─── DATA LISTING
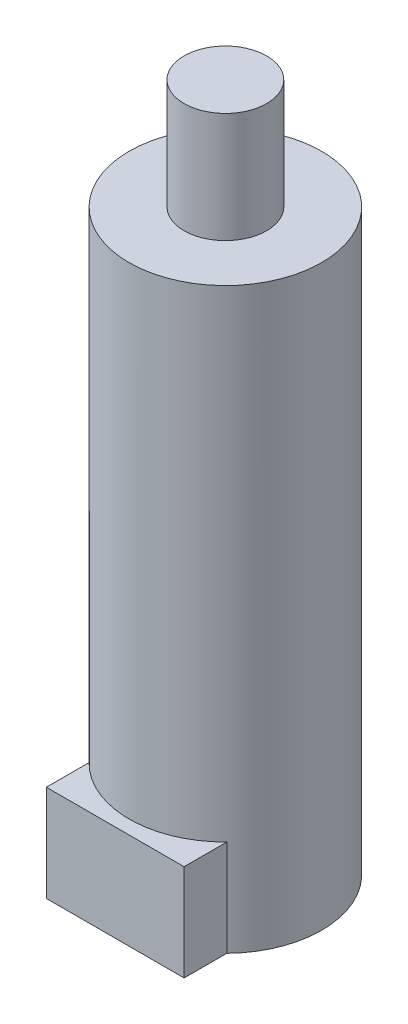
SolidWorks part; units mm, degrees
ref_plane "Front Plane" through (0, 0, 0) normal (0, 0, 1) x (1, 0, 0)
ref_plane "Top Plane" through (0, 0, 0) normal (0, 1, 0) x (1, 0, 0)
ref_plane "Right Plane" through (0, 0, 0) normal (1, 0, 0) x (0, 0, -1)
sketch "Sketch1" plane through (0, 0, 0) normal (0, 1, 0) x (1, 0, 0)
  circle A0 centre (0, 0) radius 11.1125
  dimension "D1" = 22.225
extrude "Boss-Extrude1" add sketch "Sketch1" along normal blind 66.675
sketch "Sketch2" plane through (0, 0, 0) normal (0, 0, 1) x (1, 0, 0)
  line L5 (-11.1125, 0) -> (11.1125, 0) construction
  line L6 (-7.9375, 0) -> (7.9375, 0)
  line L7 (-7.9375, 0) -> (-7.9375, 11.1125)
  line L8 (-7.9375, 11.1125) -> (7.9375, 11.1125)
  line L9 (7.9375, 0) -> (7.9375, 11.1125)
  point P7 (0, 11.1125)
  dimension "D1" = 11.1125
  dimension "D2" = 15.875
extrude "Boss-Extrude2" add sketch "Sketch2" along normal blind 12.7
sketch "Sketch3" plane through (0, 66.675, 0) normal (0, 1, 0) x (1, 0, 0)
  circle A0 centre (0, 0) radius 4.7625
  dimension "D1" = 9.525
extrude "Boss-Extrude3" add sketch "Sketch3" along normal blind 12.7
ref_axis "Axis1" through (0, 66.675, 0) along (0, -1, 0)
──────
WORK ITEM: If a line of the entries contains "centre", it counts; say how many such lines there are and give only the number.

COMPLETED EXERCISE: 2